1940年代の演奏

ウィルヘルム・フルトヴェングラー/ベルリン・フィルハーモニー管弦楽団(1947-2)




CD1(DGG POCG-9494)7:47/10:57/5:47/8:01
CD2(DGG POCG-3788)7:57/11:06/5:49/8:02
CD3(Delta DCCA-0027)7:41/10:52/5:48/7:59
LP1(DGG SLGM1439) 7:50/11:03/13:56
LP2(DGG MG6006) 7:44/10:55/13:47

ベートーヴェン/交響曲第5番ハ短調Op67「運命」
  (第1楽章リピート:ワインガルトナー版)

 ウィルヘルム・フルトヴェングラー指揮
  ベルリン・フィルハーモニー管弦楽団
  録音1947年5月27日
    ベルリン・ソ連放送局スタジオ

 この有名な演奏はフルトヴェングラーが戦後の復帰演奏会を映画館で行った時のものですが、5月25日に始まり同じプログラム(エグモント、田園、運命)を4回続けて演奏したときの3日目の演奏です。この27日の録音は運命とエグモントだけが残っています。なおこの録音はずっとティタニア・パラストでの録音とされていましたが、97年からはベルリンの英国占領下のソ連放送局スタジオでのライヴ録音となっています。
 レコードはLP1が擬似ステレオです。これはグラモフォンが誇るステレオトランスクリプションですが、特にこのレコードは見事に仕上がっており、広がりと奥行きはまるでステレオです。ですからこのレコードを聴いてから、LP2のモノラルを聴くと拍子抜けします。まるで違う演奏を聞いているかのような錯覚に陥ります。実際おとなしくなってしまい、緊張感も半減しました。CD3は若干ピッチが高いようです。

 交響曲第5番の演奏は第1楽章冒頭の動機はゆったりと重々しく始まりますが、すぐにテンポは速くなります。しかしこの重々しいフレーズには彼独特の雰囲気と神々しさが漂っています。ですから思わず手を止めて聞き入ってしまいます。一音たりとも聞き逃したくないという思いにかられます。録音も良くて後から出てくるチェトラやワルター協会のレコードは比べ物にならないほどきれいな音です。5月25日の緊張しきった演奏とは異なりノってきた演奏です。1楽章のコーダ最後のフェルマータの後では間の取り方が尋常ではありません。まだ始まらないのかと聞き耳を立ててしまいます。
 第2楽章も緊張感に満ちていますし、第3楽章はエネルギーに満ちてスリリングです。トリオのフーガの低弦部は速くても乱れることなく突き進んでいます。
 第4楽章へのクレッシェンドは長すぎて今にも失速しそうですが一気に明るい4楽章へ突入しちゃうのは凄いです。そして次第にスピードアップさせていくのがまた聞き物です。聴く者をつかんで離しません。コーダ前の演奏も次第にテンポを速めてきてコーダはスピード違反とも言えるほどに凄まじい演奏です。そして最後にぐっとテンポを落としてくるこの演奏はハラハラドキドキ物です。

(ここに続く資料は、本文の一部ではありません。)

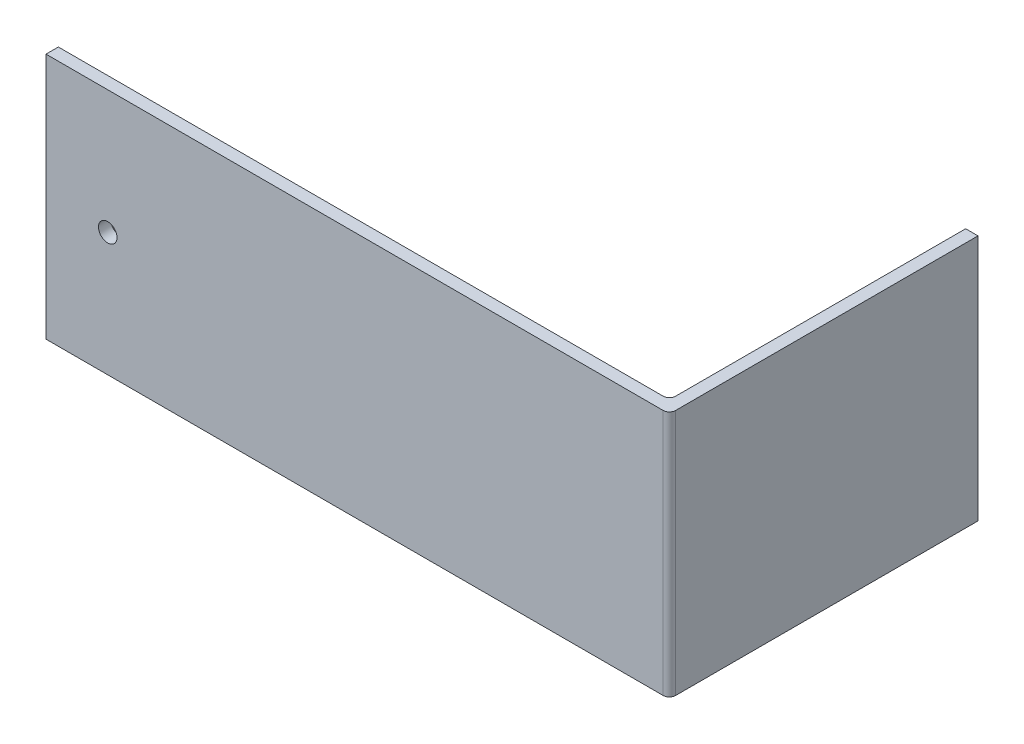
SolidWorks part; units mm, degrees
ref_plane "Front Plane" through (0, 0, 0) normal (0, 0, 1) x (1, 0, 0)
ref_plane "Top Plane" through (0, 0, 0) normal (0, 1, 0) x (1, 0, 0)
ref_plane "Right Plane" through (0, 0, 0) normal (1, 0, 0) x (0, 0, -1)
sketch "Sketch1" plane through (0, 0, 0) normal (0, 0, 1) x (1, 0, 0)
  line L1 (0, 0) -> (100, 0)
  line L2 (0, 0) -> (0, 40)
  line L3 (0, 40) -> (100, 40)
  line L4 (100, 0) -> (100, 40)
  circle A0 centre (10, 20) radius 1.5
  dimension "D3" = 20
  dimension "D4" = 10
  dimension "D1" = 40
  dimension "D2" = 100
extrude "Boss-Extrude1" add sketch "Sketch1" along normal blind 2
sketch "Sketch2" plane through (0, 0, 2) normal (0, 0, 1) x (1, 0, 0)
  line L0 (0, 0) -> (100, 0) construction
  line L1 (100, 40) -> (101, 40)
  line L2 (100, 40) -> (100, 0)
  line L3 (100, 0) -> (101, 0)
  line L4 (101, 40) -> (101, 0)
  line L5 (100, 40) -> (99, 40)
  line L6 (100, 40) -> (100, 0)
  line L7 (100, 0) -> (99, 0)
  line L8 (99, 40) -> (99, 0)
  line M2 (0, 0) -> (100, 0)
  line M3 (100, 0) -> (100, 40)
  line M4 (100, 40) -> (0, 40)
  dimension "D1" = 1
  dimension "D2" = 1
extrude "Boss-Extrude3" add sketch "Sketch2" against normal blind 50 contours L4 L1 L3 M3 | L8 M4 M2 M3 region at (100.5, 20, 2) region at (99.5, 20, 2)
fillet "Fillet2" radius 1 2 edges at (101, 20, 2) (99, 20, 0)

 何年経っても聴く者を引き付けるフルトヴェングラーのこの演奏は永遠に語り継がれる名演奏として座右に置きたいレコードです。中でも擬似ステレオ盤は現在は入手困難でしょうがモノラルとは違って臨場感が豊かです。CDがモノラルというのは残念ですが、ウィーン・フィルのスタジオ録音がブライトクランクのステレオで聴かれるのが救いでしょう。